We additionally performed HER-2/neu testing on the resected mass and as such was able to add trastuzumab to the patient’s treatment regimen once the tumor was found to be Her2/neu positive. Our patient’s Her2/neu histochemical score was 3 +. Results for Her2/neu testing are reported on a scale of 0–3. Cases that are 0 or 1 + are considered negative for Her2 expression. Cases that are 3 + are considered positive. If the scoring is 2+ (defined as incomplete/weak staining in >10% of tumor cells or complete/intense staining in < 10% of tumor cells), the tumor is then tested using in situ hybridization (Fader et al., 2018). Her2/neu provides signalling for cancer growth and its overexpression contributes to oncogenic transformation, tumorigenesis, and metastatic potential (Fader et al., 2018, Santin et al., 2008). Trastuzumab is a humanized monoclonal antibody which binds to the extracellular domain of the Her2/neu receptor (Thouvenin, 2021).

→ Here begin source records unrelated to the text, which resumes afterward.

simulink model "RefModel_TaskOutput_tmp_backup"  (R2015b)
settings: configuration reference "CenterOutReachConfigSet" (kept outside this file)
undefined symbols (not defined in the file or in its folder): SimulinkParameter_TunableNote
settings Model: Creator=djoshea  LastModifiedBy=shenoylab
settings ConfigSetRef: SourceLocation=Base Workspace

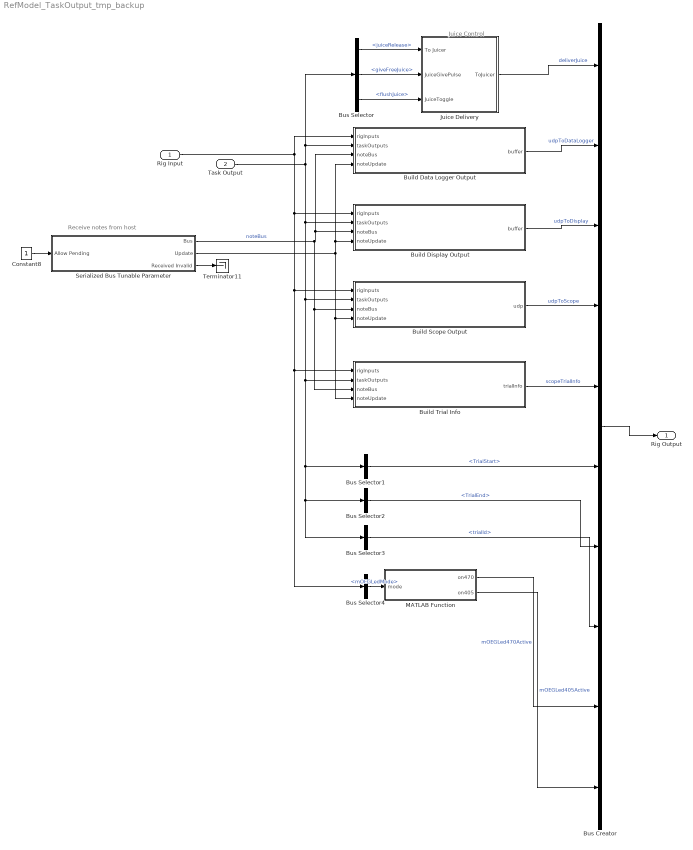
== system RefModel_TaskOutput_tmp_backup ==
  note: Juice Control
  note: Receive notes from host
  Rig Input : Inport  OutDataTypeStr=Bus: RigInputBus  PortDimensions=1  SampleTime=[0.001,0]  Interpolate=off  BusOutputAsStruct=on
  Task Output : Inport  Port=2  OutDataTypeStr=Bus: TaskOutputBus  PortDimensions=1  SampleTime=[0.001,0]  Interpolate=off  BusOutputAsStruct=on
  Build Data Logger Output : MATLAB Function  TreatAsAtomicUnit=on
  Build Display Output : MATLAB Function  TreatAsAtomicUnit=on
  Build Scope Output : MATLAB Function  TreatAsAtomicUnit=on
  Build Trial Info : MATLAB Function  TreatAsAtomicUnit=on
  Bus Creator : BusCreator  Inputs=10  OutDataTypeStr=Bus: RigOutputBus  NonVirtualBus=on
  Bus Selector : BusSelector  OutputSignals=juiceRelease,taskControl.giveFreeJuice,taskControl.flushJuice
  Bus Selector1 : BusSelector  OutputSignals=TrialStart
  Bus Selector2 : BusSelector  OutputSignals=TrialEnd
  Bus Selector3 : BusSelector  OutputSignals=trialId
  Bus Selector4 : BusSelector  OutputSignals=scopeState.mOEGLedMode
  Constant8 : Constant  OutDataTypeStr=uint8
  Juice Delivery : Subsystem
  MATLAB Function : MATLAB Function  TreatAsAtomicUnit=on
  Serialized Bus Tunable Parameter : Subsystem  AncestorBlock=libBusSerialize/Serialized Bus Tunable Parameter  mask(BusSerialize Tunable Parameter Block){paramName='TunableNote'}
      mask prompts: paramName "Parameter Name"
      mask help: This block provides the value of a tunable Simulink.Parameter into the model. Since tunable parameters with xPC target can only be doubles, the functions BusSerialize.createTunableParameter and BusSerialize.setTunableParameter automatically handle typecasting and update counter insertion, and this block handles update detection, typecasting, and reshaping back to the original form. Currently, variable size parameters are not supported.
      mask init:
      | BusSerialize.maskSerializedBusTunableParameterBlockUpdate(gcb);
      mask Display:
      | port_label('output', 1, paramName);
      | port_label('output', 2, 'Update');
      | port_label('output', 3, 'Received Invalid');
      | port_label('input', 1, 'Allow Pending');
  Terminator11 : Terminator
  Rig Output : Outport  OutDataTypeStr=Bus: RigOutputBus  PortDimensions=1  SampleTime=[0.001,0]  BusOutputAsStruct=on
  wires:
  Rig Input/1 -> Build Trial Info/1(rigInputs), Bus Selector4/1, Build Scope Output/1(rigInputs), Build Display Output/1(rigInputs), Build Data Logger Output/1(rigInputs)
  Bus Creator/1 -> Rig Output/1
  Build Data Logger Output/1(buffer) -> Bus Creator/2  "udpToDataLogger"
  Build Display Output/1(buffer) -> Bus Creator/3  "udpToDisplay"
  Bus Selector/2 -> Juice Delivery/2(JuiceGivePulse)  "<giveFreeJuice>"
  Bus Selector/1 -> Juice Delivery/1(To Juicer)  "<juiceRelease>"
  Bus Selector/3 -> Juice Delivery/3(JuiceToggle)  "<flushJuice>"
  Juice Delivery/1(ToJuicer) -> Bus Creator/1  "deliverJuice"
  Constant8/1 -> Serialized Bus Tunable Parameter/1(Allow Pending)
  Serialized Bus Tunable Parameter/3(Received Invalid) -> Terminator11/1
  Serialized Bus Tunable Parameter/1(Bus) -> Build Trial Info/3(noteBus), Build Scope Output/3(noteBus), Build Data Logger Output/3(noteBus), Build Display Output/3(noteBus)  "noteBus"
  Bus Selector1/1 -> Bus Creator/6  "<TrialStart>"
  Serialized Bus Tunable Parameter/2(Update) -> Build Trial Info/4(noteUpdate), Build Scope Output/4(noteUpdate), Build Data Logger Output/4(noteUpdate), Build Display Output/4(noteUpdate)
  Build Scope Output/1(udp) -> Bus Creator/4  "udpToScope"
  Bus Selector2/1 -> Bus Creator/7  "<TrialEnd>"
  Task Output/1 -> Build Data Logger Output/2(taskOutputs), Bus Selector/1, Build Scope Output/2(taskOutputs), Build Trial Info/2(taskOutputs), Bus Selector3/1, Bus Selector2/1, Bus Selector1/1, Build Display Output/2(taskOutputs)
  Bus Selector3/1 -> Bus Creator/8  "<trialId>"
  Bus Selector4/1 -> MATLAB Function/1(mode)  "<mOEGLedMode>"
  MATLAB Function/2(on405) -> Bus Creator/10  "mOEGLed405Active"
  MATLAB Function/1(on470) -> Bus Creator/9  "mOEGLed470Active"
  Build Trial Info/1(trialInfo) -> Bus Creator/5  "scopeTrialInfo"

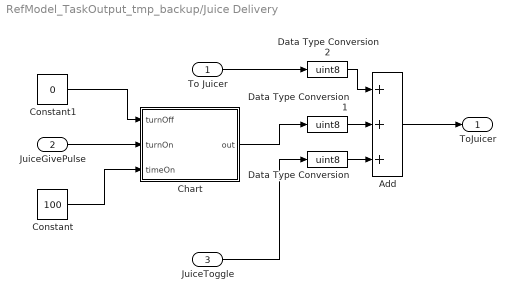
== system RefModel_TaskOutput_tmp_backup/Juice Delivery ==
  To Juicer : Inport
  JuiceGivePulse : Inport  Port=2
  JuiceToggle : Inport  Port=3
  Add : Sum  Inputs=+++
  Chart : Stateflow chart  TreatAsAtomicUnit=on
  Constant : Constant  Value=100  OutDataTypeStr=uint32
  Constant1 : Constant  Value=0  OutDataTypeStr=uint8
  Data Type Conversion : DataTypeConversion  OutDataTypeStr=uint8
  Data Type Conversion1 : DataTypeConversion  OutDataTypeStr=uint8
  Data Type Conversion2 : DataTypeConversion  OutDataTypeStr=uint8
  ToJuicer : Outport
  wires:
  Data Type Conversion2/1 -> Add/1
  Data Type Conversion1/1 -> Add/2
  Data Type Conversion/1 -> Add/3
  Constant1/1 -> Chart/1(turnOff)
  JuiceToggle/1 -> Data Type Conversion/1
  Add/1 -> ToJuicer/1
  Constant/1 -> Chart/3(timeOn)
  JuiceGivePulse/1 -> Chart/2(turnOn)
  Chart/1(out) -> Data Type Conversion1/1
  To Juicer/1 -> Data Type Conversion2/1

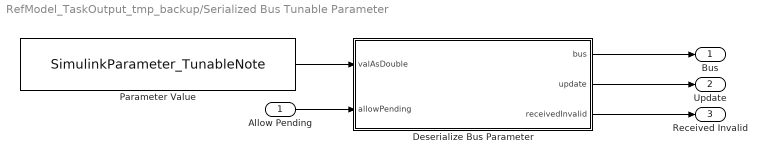
== system RefModel_TaskOutput_tmp_backup/Serialized Bus Tunable Parameter ==
  Allow Pending : Inport
  Deserialize Bus Parameter : MATLAB Function  TreatAsAtomicUnit=on
  Parameter Value : Constant  Value=SimulinkParameter_TunableNote  OutDataTypeStr=double
  Bus : Outport  PortDimensions=1
  Update : Outport  Port=2  OutDataTypeStr=uint8  PortDimensions=1
  Received Invalid : Outport  Port=3  OutDataTypeStr=uint8  PortDimensions=1
  wires:
  Parameter Value/1 -> Deserialize Bus Parameter/1(valAsDouble)
  Allow Pending/1 -> Deserialize Bus Parameter/2(allowPending)
  Deserialize Bus Parameter/3(receivedInvalid) -> Received Invalid/1
  Deserialize Bus Parameter/1(bus) -> Bus/1
  Deserialize Bus Parameter/2(update) -> Update/1

== matlab function RefModel_TaskOutput_tmp_backup/Build Scope Output ==
  data: udp output uint8 size=RigInfo.outputSizes.udpToScope; rigInputs input Bus: RigInputBus size=1; taskOutputs input Bus: TaskOutputBus size=1; noteBus input Bus: NoteBus size=1; noteUpdate input uint8 size=1; RigInfo parameter size=1
function udp  = buildScopeOutput(rigInputs, taskOutputs, noteBus, noteUpdate, RigInfo)
%#codegen

    coder.cinclude('<stdlib.h>'); % for sprintf

    coder.varsize('udp', RigInfo.outputSizes.udpToScope);
    coder.varsize('trialInfo', RigInfo.outputSizes.trialInfoToScope);
    
    bHeader = uint8('#D')';
    bTrialId = uint32(taskOutputs.trialId);
    bConditionId = uint16(taskOutputs.condition.conditionId);
    bSaveNextFrame = uint8(taskOutputs.trialData.saveNextFrame);
    bImageDecoderTraining = uint8(taskOutputs.param.imageDecoderTraining);
    
    udp = [bHeader; bTrialId; bConditionId; bSaveNextFrame; bImageDecoderTraining];
    
    
    
    if ~isempty(udp)
        % add null-terminator for udp and make sure byte count is even,
        % needed for Windows, not sure why
        if mod(numel(udp), 2) == 0
            udp = [udp; uint8(' '); uint8(0)];
        else
            udp = [udp; uint8(0)];
        end
    end
    
end








%     
%     bEmpty = zeros(0, 1, 'uint8');
%     
%     persistent pImagingActive;
%     if isempty(pImagingActive)
%         pImagingActive = uint8(0);
%     end
%     
%     % initialize trigger to zero
%     trigger = uint8(0);
%     
%     % initialize tokens to empty
%     maxNextTrial = 500;
%     coder.varsize('bNextTrial', maxNextTrial);
%     bNextTrial = bEmpty;
%     
%     maxStartImaging = 20;
%     coder.varsize('bStartImaging', maxStartImaging);
%     bStartImaging = bEmpty;
%     
%     maxStopImaging = 20;
%     coder.varsize('bStopImaging', maxStopImaging);
%     bStopImaging = bEmpty;
%     
%     trialInfo = bEmpty;
% 
%     % serialize scope commands
%     if taskOutputs.taskControl.controlImaging && ~isempty(taskOutputs.scopeCommandQueue)
%         % loop through scope commands and generate the command text for
%         % each 
%         coder.varsize('bNextTrial', maxNextTrial);
%         for i = 1:numel(taskOutputs.scopeCommandQueue)
%             command = taskOutputs.scopeCommandQueue(i);
%             
%             switch command
%                 case ScopeCommand.NextTrial
%                     buffer = zeros(maxNextTrial, 1, 'uint8');
%                     nBytes = int32(0);
%                     % can't use %s with sprintf reliably, believe it has to
%                     % do with uint8 vecs as inputs not being necessarily
%                     % null-terminated like strings. You need to use
%                     % coder.rref if you try it
%                     nBytes = coder.ceval('sprintf', coder.ref(buffer), ...
%                         ['NextTrial trialID=%d, dataStore=' taskOutputs.dataLoggerInfo.dataStore' ...
%                         ', subject=' taskOutputs.dataLoggerInfo.subject' ...
%                         ', protocol=' taskOutputs.dataLoggerInfo.protocol' ';' uint8(0)], ...
%                         taskOutputs.trialId);
%                  %   coder.ceval('printf', [char('Scope: next trial command') 10 0]);                        
%                     
%                     if nBytes > maxNextTrial
%                         bNextTrial = buffer(1:maxNextTrial);
%                     else
%                         bNextTrial = buffer(1:nBytes);
%                     end
%                     
%                     % also generate a command to send to the PrairieView
%                     % voltage recording
%                     trialInfoBuffer = zeros(RigInfo.outputSizes.trialInfoToScope, 1, 'uint8');
%                     nBytes = coder.ceval('sprintf', coder.ref(trialInfoBuffer), ...
%                         ['id=%d,c=%d,d=' enumToString_DirectionName(taskOutputs.condition.targetDirectionName)' ';' uint8(0)], ...
%                         taskOutputs.trialId, taskOutputs.condition.conditionId);
%                      if nBytes > RigInfo.outputSizes.trialInfoToScope
%                          trialInfo = trialInfoBuffer(1:RigInfo.outputSizes.trialInfoToScope);
%                      else
%                          trialInfo = trialInfoBuffer(1:nBytes);
%                      end
%                          
%                 case ScopeCommand.StartImagingOnTrigger
%                     % will start t-series if not already in one
%                    % coder.ceval('printf', [char('Scope: sending start imaging command') 10 0]);                        
%                     bStartImaging = uint8('StartImaging;')';
%                     
%                 case ScopeCommand.StartTrialImaging
%                     % send trigger to start trial
%                     if ~pImagingActive
%                         pImagingActive = uint8(1);
%                         coder.ceval('printf', [char('Scope: sending start trial trigger') 10 0]);
%                         trigger = uint8(1);
%                     end
%                     
%                 case ScopeCommand.EndTrialImaging
%                     % send trigger to stop trial
%                     if pImagingActive
%                         pImagingActive = uint8(0);
%                         %coder.ceval('printf', [char('Scope: sending end trial trigger') 10 0]);
%                         %trigger = uint8(1);
%                     end
%                     
%                 case ScopeCommand.StopImaging
%                     % will stop t-series
%                     bStopImaging = uint8('StopImaging;')';
%             end
%         end
%     end
%     
%     if pImagingActive && ~taskOutputs.taskControl.controlImaging
%         % shut down imaging since we're no longer controlling it
%         bStopImaging = uint8('StopImaging;')';
%     end
%     
%     udp = [bNextTrial; bStartImaging; bStopImaging];

== matlab function RefModel_TaskOutput_tmp_backup/MATLAB Function ==
  data: mode input Enum: LedMode size=1; on470 output uint8 size=1; on405 output uint8 size=1
function [on470, on405] = getLedStatus(mode)
%#codegen

    on470 = uint8(0);
    on405 = uint8(0);
    
    switch mode
        case LedMode.Off
            
        case LedMode.CW405
            on405 = uint8(1);

        case LedMode.CW470
            on470 = uint8(1);
    
        case LedMode.Alternating405_470
            on470 = uint8(1);
            on405 = uint8(1);
    end
end

== matlab function RefModel_TaskOutput_tmp_backup/Build Trial Info ==
  data: trialInfo output uint8 size=RigInfo.outputSizes.udpToScope; rigInputs input Bus: RigInputBus size=1; taskOutputs input Bus: TaskOutputBus size=1; noteBus input Bus: NoteBus size=1; noteUpdate input uint8 size=1; RigInfo parameter size=1
function trialInfo  = buildScopeTrialInfo(rigInputs, taskOutputs, noteBus, noteUpdate, RigInfo)
%#codegen

    coder.cinclude('<stdlib.h>'); % for sprintf

    coder.varsize('udp', RigInfo.outputSizes.udpToScope);
    coder.varsize('trialInfo', RigInfo.outputSizes.trialInfoToScope);
   
    
    bEmpty = zeros(0, 1, 'uint8');
    
%     persistent pImagingActive;
%     if isempty(pImagingActive)
%         pImagingActive = uint8(0);
%     end
%     
%     % initialize trigger to zero
%     trigger = uint8(0);
%     
%     % initialize tokens to empty
%     maxNextTrial = 500;
%     coder.varsize('bNextTrial', maxNextTrial);
%     bNextTrial = bEmpty;
%     
%     maxStartImaging = 20;
%     coder.varsize('bStartImaging', maxStartImaging);
%     bStartImaging = bEmpty;
%     
%     maxStopImaging = 20;
%     coder.varsize('bStopImaging', maxStopImaging);
%     bStopImaging = bEmpty;
    
    trialInfo = bEmpty;

    % serialize scope commands
    if taskOutputs.taskControl.controlImaging && ~isempty(taskOutputs.scopeCommandQueue)
        % loop through scope commands and generate the command text for
        % each 
%         coder.varsize('bNextTrial', maxNextTrial);
        for i = 1:numel(taskOutputs.scopeCommandQueue)
            command = taskOutputs.scopeCommandQueue(i);
            
            switch command
                case ScopeCommand.NextTrial
%                     buffer = zeros(maxNextTrial, 1, 'uint8');
%                     nBytes = int32(0);
%                     % can't use %s with sprintf reliably, believe it has to
%                     % do with uint8 vecs as inputs not being necessarily
%                     % null-terminated like strings. You need to use
%                     % coder.rref if you try it
%                     nBytes = coder.ceval('sprintf', coder.ref(buffer), ...
%                         ['NextTrial trialID=%d, dataStore=' taskOutputs.dataLoggerInfo.dataStore' ...
%                         ', subject=' taskOutputs.dataLoggerInfo.subject' ...
%                         ', protocol=' taskOutputs.dataLoggerInfo.protocol' ';' uint8(0)], ...
%                         taskOutputs.trialId);
%                  %   coder.ceval('printf', [char('Scope: next trial command') 10 0]);                        
%                     
%                     if nBytes > maxNextTrial
%                         bNextTrial = buffer(1:maxNextTrial);
%                     else
%                         bNextTrial = buffer(1:nBytes);
%                     end
                    
                    % also generate a command to send to the PrairieView
                    % voltage recording
                    trialInfoBuffer = zeros(RigInfo.outputSizes.trialInfoToScope, 1, 'uint8');
                    nBytes = coder.ceval('sprintf', coder.ref(trialInfoBuffer), ...
                        ['id=%d,c=%d,d=' enumToString_DirectionName(taskOutputs.condition.targetDirectionName)' ';' uint8(0)], ...
                        taskOutputs.trialId, taskOutputs.condition.conditionId);
                     if nBytes > RigInfo.outputSizes.trialInfoToScope
                         trialInfo = trialInfoBuffer(1:RigInfo.outputSizes.trialInfoToScope);
                     else
                         trialInfo = trialInfoBuffer(1:nBytes);
                     end
                         
%                 case ScopeCommand.StartImagingOnTrigger
%                     % will start t-series if not already in one
%                    % coder.ceval('printf', [char('Scope: sending start imaging command') 10 0]);                        
%                     bStartImaging = uint8('StartImaging;')';
%                     
%                 case ScopeCommand.StartTrialImaging
%                     % send trigger to start trial
%                     if ~pImagingActive
%                         pImagingActive = uint8(1);
%                         coder.ceval('printf', [char('Scope: sending start trial trigger') 10 0]);
%                         trigger = uint8(1);
%                     end
%                     
%                 case ScopeCommand.EndTrialImaging
%                     % send trigger to stop trial
%                     if pImagingActive
%                         pImagingActive = uint8(0);
%                         %coder.ceval('printf', [char('Scope: sending end trial trigger') 10 0]);
%                         %trigger = uint8(1);
%                     end
%                     
%                 case ScopeCommand.StopImaging
%                     % will stop t-series
%                     bStopImaging = uint8('StopImaging;')';
            end
        end
    end
    
%     if pImagingActive && ~taskOutputs.taskControl.controlImaging
%         % shut down imaging since we're no longer controlling it
%         bStopImaging = uint8('StopImaging;')';
%     end
    
%     udp = [bNextTrial; bStartImaging; bStopImaging];

    
    
end

== stateflow chart RefModel_TaskOutput_tmp_backup/Juice Delivery/Chart ==
  state On
    en:
    out = uint8(1);
    ex:
    out = uint8(0);
  state Waiting
  (default) -> Waiting
  Waiting -> On : [turnOn==1]
  On -> Waiting [order 1] : after(timeOn, tick)
  On -> Waiting [order 2] : [turnOff==1]
  data: turnOff input uint8 size=1; turnOn input uint8 size=1; timeOn input uint32 size=1; out output uint8 size=1

== matlab function RefModel_TaskOutput_tmp_backup/Serialized Bus Tunable Parameter/Deserialize Bus Parameter ==
  data: valAsDouble input double; bus output Bus: NoteBus size=1; update output uint8 size=1; allowPending input uint8 size=1; receivedInvalid output uint8 size=1
function [bus, update, receivedInvalid] = deserializeBusParameter(valAsDouble, allowPending)
%#codegen

    % typecast to bytes
    valAsBytes = typecast(valAsDouble, 'uint8');

    % use the first byte as updateCounter, check for whether counter has been incremented
    thisCounter = valAsBytes(1);
    persistent pLastCounter;
    if isempty(pLastCounter)
        pLastCounter = thisCounter;
    end
    if pLastCounter ~= thisCounter
        recvUpdate = uint8(1);
        pLastCounter = thisCounter;
    else
        recvUpdate = uint8(0);
    end
    startOffset = 2;

    % external cached output for when allowPending 
    persistent pBusOut;
    if isempty(pBusOut)
        pBusOut = initializeBus_NoteBus();
    end

    % parse incoming bytes if allowing updates
    receivedInvalid = uint8(0);
    if allowPending
        [bus, valid] = deserializeBus_NoteBus(valAsBytes, startOffset);
        if valid
            % update internal cache
            pBusOut = bus;
        else
            % don't update internal cache, output internal cache
            bus = pBusOut;
            receivedInvalid = uint8(1);
            recvUpdate = uint8(0);
        end
    else
        bus = pBusOut;
    end

    % track whether we have a pending update
    persistent pPending;
    if isempty(pPending), pPending = uint8(0); end
    if recvUpdate
        if allowPending
            % update goes out immediately
            update = uint8(1);
            pPending = uint8(0);
        else
            % queue pending update
            update = uint8(0);
            pPending = uint8(1);
        end
    else
        if allowPending
            % release pending
            update = pPending;
            pPending = uint8(0);
        else
            % do nothing
            update = uint8(0);
        end
    end

    % reset fields marked with .resetImmediately immediately after update
    if ~update

    end
end

== matlab function RefModel_TaskOutput_tmp_backup/Build Data Logger Output ==
  data: buffer output uint8 size=RigInfo.outputSizes.udpToDataLogger; rigInputs input; taskOutputs input; noteBus input Bus: NoteBus size=1; noteUpdate input uint8 size=1; RigInfo parameter
function buffer = buildDataLoggerOutput(rigInputs, taskOutputs, noteBus, noteUpdate, RigInfo)
%#codegen

bEmpty = zeros(0, 1, 'uint8');
coder.varsize('buffer', RigInfo.outputSizes.udpToDataLogger);
buffer = zeros(0, 1, 'uint8');

if taskOutputs.taskControl.saveData && taskOutputs.taskControl.runTask && ~taskOutputs.trialData.inPurgatory

    % timestamp for data logger
    timestamp = rigInputs.clock;

    % send TrialStart info
    if taskOutputs.TrialStart
        % send data logger info
        bDataInfo = serializeBusWithDataLoggerHeader_DataLoggerInfoBus(...
            taskOutputs.dataLoggerInfo, BusSerialize.GroupTypes.Control, uint8('info'), timestamp);

        % send next trial with new trial id
        % once TrialStart goes high, the trialId field has already updated
        nextTrialBus = initializeBus_DataLoggerNextTrialBus();
        nextTrialBus.nextTrial = taskOutputs.trialId;
        bNextTrial = serializeBusWithDataLoggerHeader_DataLoggerNextTrialBus(...
            nextTrialBus, BusSerialize.GroupTypes.Control, uint8('nextTrial'), timestamp);

        % send this trial's parameters
        bParam = serializeBusWithDataLoggerHeader_ParamBus(...
            taskOutputs.param, BusSerialize.GroupTypes.Parameter, uint8('param'), timestamp);

        % send this trial's condition
        bCondition = serializeBusWithDataLoggerHeader_ConditionBus(...
            taskOutputs.condition, BusSerialize.GroupTypes.Parameter, uint8('condition'), timestamp);
    else
        bDataInfo = bEmpty;
        bNextTrial = bEmpty;
        bParam = bEmpty;
        bCondition = bEmpty;
    end
    
    if taskOutputs.TrialITI
        % send TrialDataOutputBus
        bTrialData = serializeBusWithDataLoggerHeader_TrialDataOutputBus(...
            taskOutputs.trialDataOutput, BusSerialize.GroupTypes.Parameter, uint8('trialData'), timestamp);
        
        % send MicroscopeStateBus
        bScopeState = serializeBusWithDataLoggerHeader_MicroscopeStateBus(...
            rigInputs.scopeState, BusSerialize.GroupTypes.Parameter, uint8('scope'), timestamp);
    else
        bTrialData = bEmpty;
        bScopeState = bEmpty;
    end

    % serialize handOutput on handUpdate
    if rigInputs.hand.handUpdate
        bHand = serializeBusWithDataLoggerHeader_HandOutputBus(...
            taskOutputs.handOutput, BusSerialize.GroupTypes.Analog, uint8('hand'), timestamp);
    else
        bHand = bEmpty;
    end
    
    % serialize eyeOutput on eyeUpdate
    if rigInputs.eye.eyeUpdate
        bEye = serializeBusWithDataLoggerHeader_EyeOutputBus(...
            taskOutputs.eyeOutput, BusSerialize.GroupTypes.Analog, uint8('eye'), timestamp);
    else
        bEye = bEmpty;
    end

Clinical studies to evaluate the combination of trastuzumab and chemotherapy have relied on the premise that a synergistic effect leads to enhanced antitumor activity and subsequent higher response rate than when the agents are used separately (Fader et al., 2018, Thouvenin, 2021, Jewell et al., 2006). Approximately one-third of serous endometrial carcinomas are HER2/neu positive (by either immunohistochemistry, or FISH, or both) and a recent randomized phase 2 trial showed that the supplemental addition of Trastuzumab to carboplatin-paclitaxel was found to be well tolerated and improved progression-free survival in Her2/neu positive uterine serous carcinomas (Fader et al., 2018). Similarly, targeted immunotherapy using trastuzumab in addition to conventional chemotherapy against high grade epithelial ovarian cancer that overexpressed Her2/neu, have been associated with complete response in one cohort of patients (Guastalla et al., 2007). In the Gynecologic Oncology Group studies, however, the use of trastuzumab alone in women with advance or refractory endometrial carcinoma, ovarian cancer or primary peritoneal carcinoma showed a low response rate (Bookman et al., 2003, Fleming et al., 2010). As a chemotherapeutic adjunct, trastuzumab addition to carboplatin-paclitaxel for women with clear cell endometrial cancer arising from abdominal wall scar endometriosis and overexpressing Her2/neu may confer benefit as was seen in this case. Despite the presence of metastatic disease at the time of diagnosis, follow-up six months post treatment demonstrated no new signs of disease.

Conclusion

Our patient exhibited good clinical response with the addition of trastuzumab to her chemotherapy treatment. Whilst she is still under active clinical surveillance, this case highlights the fact that that trastuzumab may be a useful adjuvant to carboplatin/paclitaxel chemotherapy in patients with clear cell carcinoma arising from an endometriotic foci that overexpress HER-2/neu.

Informed Consent Statement

Written Informed consent was obtained from the patient for publication of this case report as well as the accompanying images. A copy of the written consent is available for review by the Editor-in-Chief of this journal on request.

CRediT authorship contribution statement

Gregory K. Lewis: Conceptualization, Writing – original draft. Shilpa N. Gajarawala: Writing – review & editing. Kyle E. Robinson: Writing – review & editing. Anita H. Chen: Supervision, Writing – review & editing. Matthew W. Robertson: Supervision, Writing – review & editing.

Declaration of Competing Interest

The authors declare that they have no known competing financial interests or personal relationships that could have appeared to influence the work reported in this paper.